### Instructions for the task:
Copy each line in the data below that contains the word "radius".

### Extracted information:
☆ ☆ ☆ ☆
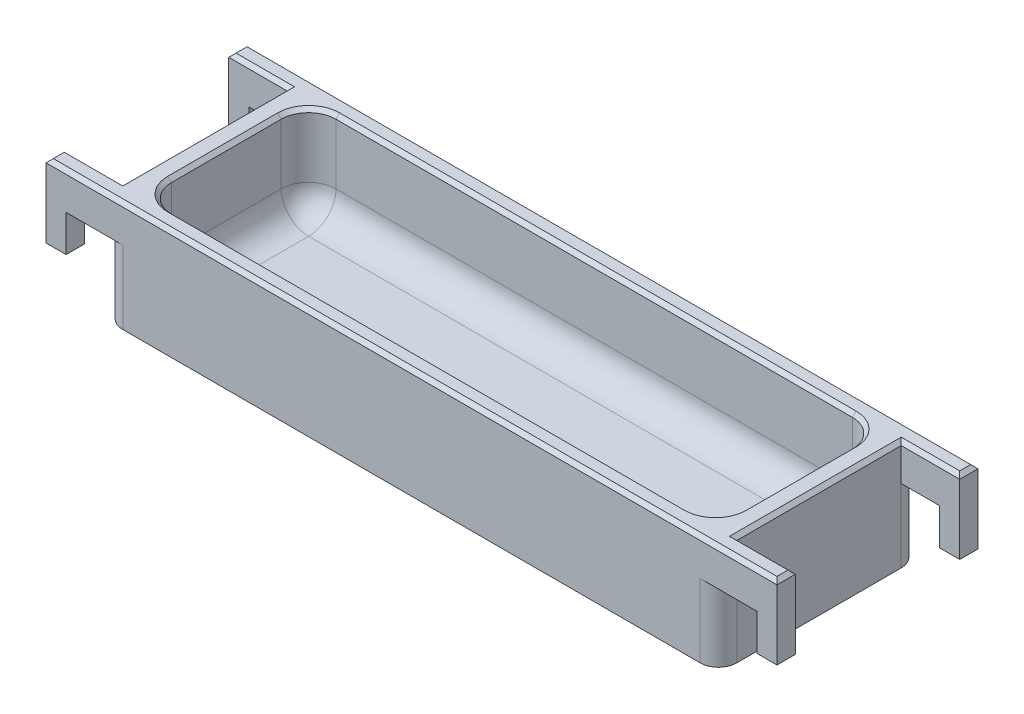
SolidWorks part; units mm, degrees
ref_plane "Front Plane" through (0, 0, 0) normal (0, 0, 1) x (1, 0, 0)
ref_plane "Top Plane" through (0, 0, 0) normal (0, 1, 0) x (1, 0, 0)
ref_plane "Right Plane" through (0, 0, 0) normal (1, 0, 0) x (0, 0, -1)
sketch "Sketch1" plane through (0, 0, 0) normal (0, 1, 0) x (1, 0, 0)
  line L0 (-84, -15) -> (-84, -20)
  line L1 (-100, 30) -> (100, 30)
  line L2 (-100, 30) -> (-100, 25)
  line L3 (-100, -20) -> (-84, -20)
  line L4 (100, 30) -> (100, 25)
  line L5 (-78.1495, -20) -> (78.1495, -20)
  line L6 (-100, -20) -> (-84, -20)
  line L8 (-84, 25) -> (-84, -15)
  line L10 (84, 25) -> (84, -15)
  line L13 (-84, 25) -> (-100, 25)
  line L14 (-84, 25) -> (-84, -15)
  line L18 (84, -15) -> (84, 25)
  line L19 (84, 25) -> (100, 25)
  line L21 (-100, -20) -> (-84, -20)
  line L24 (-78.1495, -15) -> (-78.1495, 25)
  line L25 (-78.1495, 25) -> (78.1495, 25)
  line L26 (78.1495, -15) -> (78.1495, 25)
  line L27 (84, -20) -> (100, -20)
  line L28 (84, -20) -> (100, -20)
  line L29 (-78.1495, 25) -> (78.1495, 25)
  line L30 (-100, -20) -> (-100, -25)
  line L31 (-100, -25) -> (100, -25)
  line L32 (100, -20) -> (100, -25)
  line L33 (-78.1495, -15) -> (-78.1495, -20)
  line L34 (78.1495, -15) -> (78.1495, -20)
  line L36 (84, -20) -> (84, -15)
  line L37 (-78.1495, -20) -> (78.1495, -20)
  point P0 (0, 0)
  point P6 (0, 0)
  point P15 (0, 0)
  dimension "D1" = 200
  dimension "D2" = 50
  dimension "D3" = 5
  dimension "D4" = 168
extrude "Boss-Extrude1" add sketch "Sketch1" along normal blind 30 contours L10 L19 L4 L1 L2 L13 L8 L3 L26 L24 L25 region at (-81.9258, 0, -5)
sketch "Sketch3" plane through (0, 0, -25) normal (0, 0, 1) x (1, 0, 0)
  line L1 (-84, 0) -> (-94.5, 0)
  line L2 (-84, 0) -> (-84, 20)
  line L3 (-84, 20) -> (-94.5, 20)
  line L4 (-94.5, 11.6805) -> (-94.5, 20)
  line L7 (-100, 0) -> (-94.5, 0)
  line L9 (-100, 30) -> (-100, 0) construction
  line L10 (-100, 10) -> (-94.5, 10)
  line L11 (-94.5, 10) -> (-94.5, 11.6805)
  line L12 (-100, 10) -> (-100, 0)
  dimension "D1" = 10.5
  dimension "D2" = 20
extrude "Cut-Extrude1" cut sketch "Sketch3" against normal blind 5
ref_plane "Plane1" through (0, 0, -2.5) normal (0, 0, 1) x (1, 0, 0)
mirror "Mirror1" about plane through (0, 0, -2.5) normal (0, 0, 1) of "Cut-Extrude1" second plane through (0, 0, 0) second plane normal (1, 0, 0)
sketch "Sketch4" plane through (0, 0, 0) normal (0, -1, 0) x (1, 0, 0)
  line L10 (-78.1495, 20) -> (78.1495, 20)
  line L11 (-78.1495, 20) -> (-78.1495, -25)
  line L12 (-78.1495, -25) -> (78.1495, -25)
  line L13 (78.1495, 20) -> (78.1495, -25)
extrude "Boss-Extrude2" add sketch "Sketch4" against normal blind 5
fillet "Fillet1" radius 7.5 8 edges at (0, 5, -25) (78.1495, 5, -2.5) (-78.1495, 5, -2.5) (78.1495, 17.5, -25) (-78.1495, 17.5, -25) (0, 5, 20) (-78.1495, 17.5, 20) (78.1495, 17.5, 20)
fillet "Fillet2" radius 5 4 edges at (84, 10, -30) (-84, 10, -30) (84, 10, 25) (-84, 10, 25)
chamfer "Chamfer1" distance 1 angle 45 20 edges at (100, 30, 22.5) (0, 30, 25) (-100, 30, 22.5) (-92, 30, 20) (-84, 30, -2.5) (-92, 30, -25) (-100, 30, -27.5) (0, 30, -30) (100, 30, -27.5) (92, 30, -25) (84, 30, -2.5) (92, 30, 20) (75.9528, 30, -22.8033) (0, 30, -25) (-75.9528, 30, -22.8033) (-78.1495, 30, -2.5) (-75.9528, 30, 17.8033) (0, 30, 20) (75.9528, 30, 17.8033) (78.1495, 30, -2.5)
☆ ☆ ☆ ☆
### Reply:
fillet "Fillet1" radius 7.5 8 edges at (0, 5, -25) (78.1495, 5, -2.5) (-78.1495, 5, -2.5) (78.1495, 17.5, -25) (-78.1495, 17.5, -25) (0, 5, 20) (-78.1495, 17.5, 20) (78.1495, 17.5, 20)
fillet "Fillet2" radius 5 4 edges at (84, 10, -30) (-84, 10, -30) (84, 10, 25) (-84, 10, 25)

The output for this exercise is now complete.